------ EXTRACTED DATA ------
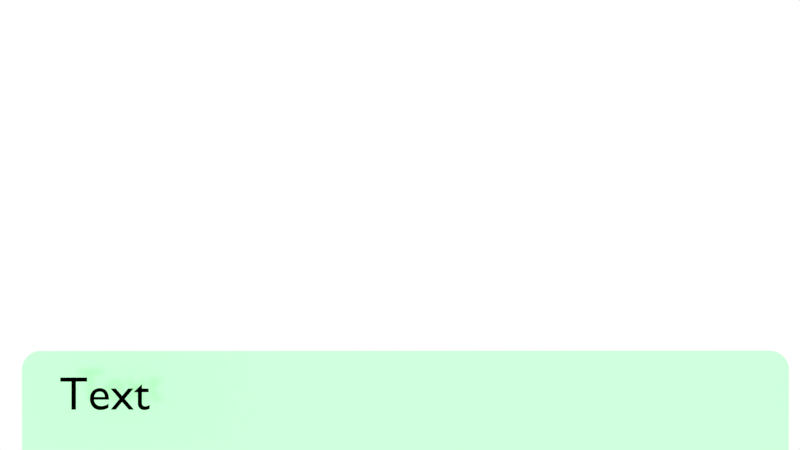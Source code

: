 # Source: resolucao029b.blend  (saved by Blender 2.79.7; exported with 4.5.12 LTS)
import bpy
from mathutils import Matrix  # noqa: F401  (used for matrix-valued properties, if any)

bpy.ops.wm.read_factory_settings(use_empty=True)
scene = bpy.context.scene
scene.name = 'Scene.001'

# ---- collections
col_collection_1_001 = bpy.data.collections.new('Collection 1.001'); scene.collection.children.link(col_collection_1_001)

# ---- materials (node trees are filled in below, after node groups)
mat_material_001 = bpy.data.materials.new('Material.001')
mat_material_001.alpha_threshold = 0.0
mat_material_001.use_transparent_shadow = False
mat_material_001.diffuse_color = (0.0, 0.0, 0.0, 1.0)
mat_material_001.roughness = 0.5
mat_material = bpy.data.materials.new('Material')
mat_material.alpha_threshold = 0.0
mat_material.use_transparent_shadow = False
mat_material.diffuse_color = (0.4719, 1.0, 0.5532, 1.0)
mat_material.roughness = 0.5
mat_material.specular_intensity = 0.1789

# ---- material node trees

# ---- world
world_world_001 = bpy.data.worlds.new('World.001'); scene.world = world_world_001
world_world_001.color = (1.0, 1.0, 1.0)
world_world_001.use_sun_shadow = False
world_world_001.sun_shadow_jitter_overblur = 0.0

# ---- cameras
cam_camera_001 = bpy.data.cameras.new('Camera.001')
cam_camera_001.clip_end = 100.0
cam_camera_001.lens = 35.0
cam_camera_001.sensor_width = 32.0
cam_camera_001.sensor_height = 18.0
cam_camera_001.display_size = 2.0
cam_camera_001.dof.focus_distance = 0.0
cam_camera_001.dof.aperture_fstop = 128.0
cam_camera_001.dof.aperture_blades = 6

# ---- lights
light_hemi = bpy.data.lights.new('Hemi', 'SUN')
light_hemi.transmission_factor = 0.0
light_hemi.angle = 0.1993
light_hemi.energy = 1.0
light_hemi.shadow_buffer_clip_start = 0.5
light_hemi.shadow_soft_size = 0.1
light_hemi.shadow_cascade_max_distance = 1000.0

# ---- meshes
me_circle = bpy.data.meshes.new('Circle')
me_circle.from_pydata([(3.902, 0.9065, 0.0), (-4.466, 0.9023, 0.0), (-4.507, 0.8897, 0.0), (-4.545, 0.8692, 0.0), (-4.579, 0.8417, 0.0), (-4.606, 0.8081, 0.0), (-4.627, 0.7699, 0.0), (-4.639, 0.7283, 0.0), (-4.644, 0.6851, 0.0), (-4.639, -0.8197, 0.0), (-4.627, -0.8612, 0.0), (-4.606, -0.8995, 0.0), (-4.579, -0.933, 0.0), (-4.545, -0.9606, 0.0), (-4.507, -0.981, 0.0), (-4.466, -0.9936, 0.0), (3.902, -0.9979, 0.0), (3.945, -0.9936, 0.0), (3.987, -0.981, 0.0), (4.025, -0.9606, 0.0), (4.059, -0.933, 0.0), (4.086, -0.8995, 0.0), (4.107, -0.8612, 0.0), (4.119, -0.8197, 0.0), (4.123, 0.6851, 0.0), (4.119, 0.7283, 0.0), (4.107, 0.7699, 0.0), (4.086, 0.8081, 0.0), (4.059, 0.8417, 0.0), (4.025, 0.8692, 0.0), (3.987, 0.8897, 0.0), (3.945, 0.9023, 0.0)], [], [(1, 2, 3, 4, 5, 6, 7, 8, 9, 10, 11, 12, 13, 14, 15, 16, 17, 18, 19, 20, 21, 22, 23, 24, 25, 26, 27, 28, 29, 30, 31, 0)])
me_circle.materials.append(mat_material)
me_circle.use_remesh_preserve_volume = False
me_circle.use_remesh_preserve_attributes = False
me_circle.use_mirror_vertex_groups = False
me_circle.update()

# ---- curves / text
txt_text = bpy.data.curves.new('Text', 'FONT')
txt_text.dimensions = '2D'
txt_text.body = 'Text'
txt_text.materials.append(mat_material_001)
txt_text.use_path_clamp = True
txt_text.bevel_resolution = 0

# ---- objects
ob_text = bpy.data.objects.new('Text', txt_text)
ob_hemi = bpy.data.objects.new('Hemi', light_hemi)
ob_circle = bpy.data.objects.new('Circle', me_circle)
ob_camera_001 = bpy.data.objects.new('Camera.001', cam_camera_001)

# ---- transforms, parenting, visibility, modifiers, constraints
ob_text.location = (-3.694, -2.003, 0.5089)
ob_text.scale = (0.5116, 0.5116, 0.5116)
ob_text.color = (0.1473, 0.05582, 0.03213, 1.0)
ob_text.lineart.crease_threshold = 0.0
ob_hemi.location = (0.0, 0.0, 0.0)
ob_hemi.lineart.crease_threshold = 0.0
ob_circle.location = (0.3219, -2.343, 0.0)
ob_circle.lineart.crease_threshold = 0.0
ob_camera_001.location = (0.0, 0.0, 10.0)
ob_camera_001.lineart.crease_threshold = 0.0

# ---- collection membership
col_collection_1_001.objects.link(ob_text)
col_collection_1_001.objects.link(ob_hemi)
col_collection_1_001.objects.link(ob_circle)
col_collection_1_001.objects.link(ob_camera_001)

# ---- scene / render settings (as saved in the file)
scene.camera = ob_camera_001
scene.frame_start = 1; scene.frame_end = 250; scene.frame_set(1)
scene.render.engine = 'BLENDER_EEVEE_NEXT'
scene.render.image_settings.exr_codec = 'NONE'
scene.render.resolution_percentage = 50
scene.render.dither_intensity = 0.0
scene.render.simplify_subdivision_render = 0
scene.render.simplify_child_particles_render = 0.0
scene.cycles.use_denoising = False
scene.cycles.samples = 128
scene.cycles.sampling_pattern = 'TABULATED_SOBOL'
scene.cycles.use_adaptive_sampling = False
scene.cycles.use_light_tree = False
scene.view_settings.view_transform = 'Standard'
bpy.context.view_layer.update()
------
- TASK TO COMPLETE: Take the line that contains "# ---- transforms, parenting, visibility, modifiers, constraints" and every line after it in the material above. Set those lines down exactly and nothing more.

- WRITTEN SOLUTION:
# ---- transforms, parenting, visibility, modifiers, constraints
ob_text.location = (-3.694, -2.003, 0.5089)
ob_text.scale = (0.5116, 0.5116, 0.5116)
ob_text.color = (0.1473, 0.05582, 0.03213, 1.0)
ob_text.lineart.crease_threshold = 0.0
ob_hemi.location = (0.0, 0.0, 0.0)
ob_hemi.lineart.crease_threshold = 0.0
ob_circle.location = (0.3219, -2.343, 0.0)
ob_circle.lineart.crease_threshold = 0.0
ob_camera_001.location = (0.0, 0.0, 10.0)
ob_camera_001.lineart.crease_threshold = 0.0

# ---- collection membership
col_collection_1_001.objects.link(ob_text)
col_collection_1_001.objects.link(ob_hemi)
col_collection_1_001.objects.link(ob_circle)
col_collection_1_001.objects.link(ob_camera_001)

# ---- scene / render settings (as saved in the file)
scene.camera = ob_camera_001
scene.frame_start = 1; scene.frame_end = 250; scene.frame_set(1)
scene.render.engine = 'BLENDER_EEVEE_NEXT'
scene.render.image_settings.exr_codec = 'NONE'
scene.render.resolution_percentage = 50
scene.render.dither_intensity = 0.0
scene.render.simplify_subdivision_render = 0
scene.render.simplify_child_particles_render = 0.0
scene.cycles.use_denoising = False
scene.cycles.samples = 128
scene.cycles.sampling_pattern = 'TABULATED_SOBOL'
scene.cycles.use_adaptive_sampling = False
scene.cycles.use_light_tree = False
scene.view_settings.view_transform = 'Standard'
bpy.context.view_layer.update()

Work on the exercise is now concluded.